■ **Directions**
The job is to output exactly the lines that run from the start of the entries through the line containing "- C59: renamed", pictures omitted.

■ **Raw data**
____________

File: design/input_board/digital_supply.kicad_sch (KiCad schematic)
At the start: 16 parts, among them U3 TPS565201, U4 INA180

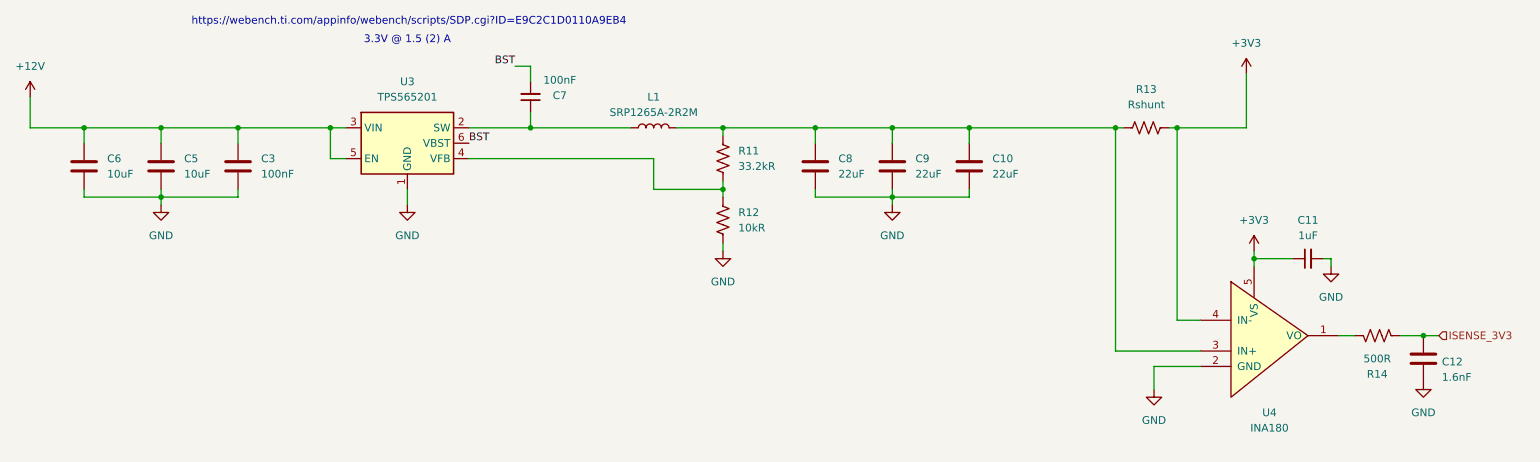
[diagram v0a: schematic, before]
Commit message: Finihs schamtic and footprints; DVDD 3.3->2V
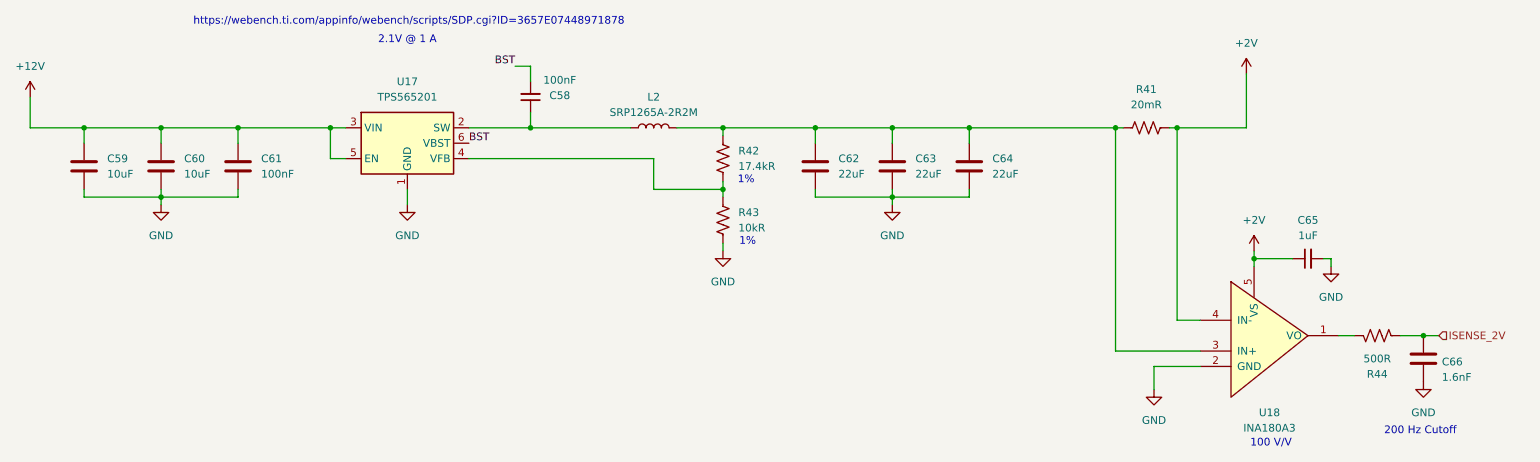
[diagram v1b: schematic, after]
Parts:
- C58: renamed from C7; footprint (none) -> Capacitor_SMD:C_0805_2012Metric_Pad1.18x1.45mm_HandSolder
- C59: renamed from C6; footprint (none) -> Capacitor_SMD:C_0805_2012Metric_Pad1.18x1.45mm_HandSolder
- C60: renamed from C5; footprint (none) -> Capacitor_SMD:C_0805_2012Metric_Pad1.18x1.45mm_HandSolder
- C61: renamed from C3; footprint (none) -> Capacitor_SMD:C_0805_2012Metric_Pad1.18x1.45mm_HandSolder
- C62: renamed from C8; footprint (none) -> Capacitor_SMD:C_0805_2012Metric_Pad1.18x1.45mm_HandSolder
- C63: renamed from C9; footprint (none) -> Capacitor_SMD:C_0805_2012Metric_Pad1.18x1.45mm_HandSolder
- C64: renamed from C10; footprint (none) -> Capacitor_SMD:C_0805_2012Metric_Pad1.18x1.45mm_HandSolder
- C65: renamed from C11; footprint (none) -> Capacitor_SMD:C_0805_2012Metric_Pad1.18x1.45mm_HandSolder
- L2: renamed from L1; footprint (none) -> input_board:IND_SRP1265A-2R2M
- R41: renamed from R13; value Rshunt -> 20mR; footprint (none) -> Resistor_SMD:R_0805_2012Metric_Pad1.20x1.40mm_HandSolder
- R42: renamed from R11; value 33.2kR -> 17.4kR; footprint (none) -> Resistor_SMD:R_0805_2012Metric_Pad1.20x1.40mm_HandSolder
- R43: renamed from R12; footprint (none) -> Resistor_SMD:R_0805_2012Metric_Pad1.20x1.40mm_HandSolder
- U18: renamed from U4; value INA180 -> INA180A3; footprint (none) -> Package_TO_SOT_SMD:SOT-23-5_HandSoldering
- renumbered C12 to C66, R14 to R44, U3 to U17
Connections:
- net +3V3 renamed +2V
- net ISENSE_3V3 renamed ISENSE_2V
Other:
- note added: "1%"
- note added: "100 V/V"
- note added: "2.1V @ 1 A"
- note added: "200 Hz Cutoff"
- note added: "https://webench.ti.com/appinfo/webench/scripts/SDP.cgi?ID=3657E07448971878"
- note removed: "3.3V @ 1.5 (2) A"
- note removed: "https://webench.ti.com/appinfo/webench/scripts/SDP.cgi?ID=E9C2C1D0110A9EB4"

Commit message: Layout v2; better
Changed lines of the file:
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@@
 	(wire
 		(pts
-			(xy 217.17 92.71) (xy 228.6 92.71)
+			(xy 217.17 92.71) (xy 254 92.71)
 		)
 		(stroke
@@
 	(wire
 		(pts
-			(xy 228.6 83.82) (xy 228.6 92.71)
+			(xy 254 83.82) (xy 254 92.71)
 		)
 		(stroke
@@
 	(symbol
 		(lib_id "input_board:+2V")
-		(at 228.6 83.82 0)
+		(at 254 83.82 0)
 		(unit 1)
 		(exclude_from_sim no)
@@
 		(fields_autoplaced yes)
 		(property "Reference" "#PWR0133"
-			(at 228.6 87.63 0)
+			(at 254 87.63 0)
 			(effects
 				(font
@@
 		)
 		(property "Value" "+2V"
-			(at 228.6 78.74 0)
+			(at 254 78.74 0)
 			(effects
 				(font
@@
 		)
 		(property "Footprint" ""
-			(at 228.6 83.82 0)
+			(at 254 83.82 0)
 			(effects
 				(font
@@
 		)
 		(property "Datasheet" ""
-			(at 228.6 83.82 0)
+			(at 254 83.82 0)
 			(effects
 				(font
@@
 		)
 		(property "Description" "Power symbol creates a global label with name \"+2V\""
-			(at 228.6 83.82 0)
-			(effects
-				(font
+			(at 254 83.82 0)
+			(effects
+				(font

____________

■ **Response**
File: design/input_board/digital_supply.kicad_sch (KiCad schematic)
At the start: 16 parts, among them U3 TPS565201, U4 INA180

[diagram v0a: schematic, before]
Commit message: Finihs schamtic and footprints; DVDD 3.3->2V
[diagram v1b: schematic, after]
Parts:
- C58: renamed from C7; footprint (none) -> Capacitor_SMD:C_0805_2012Metric_Pad1.18x1.45mm_HandSolder
- C59: renamed from C6; footprint (none) -> Capacitor_SMD:C_0805_2012Metric_Pad1.18x1.45mm_HandSolder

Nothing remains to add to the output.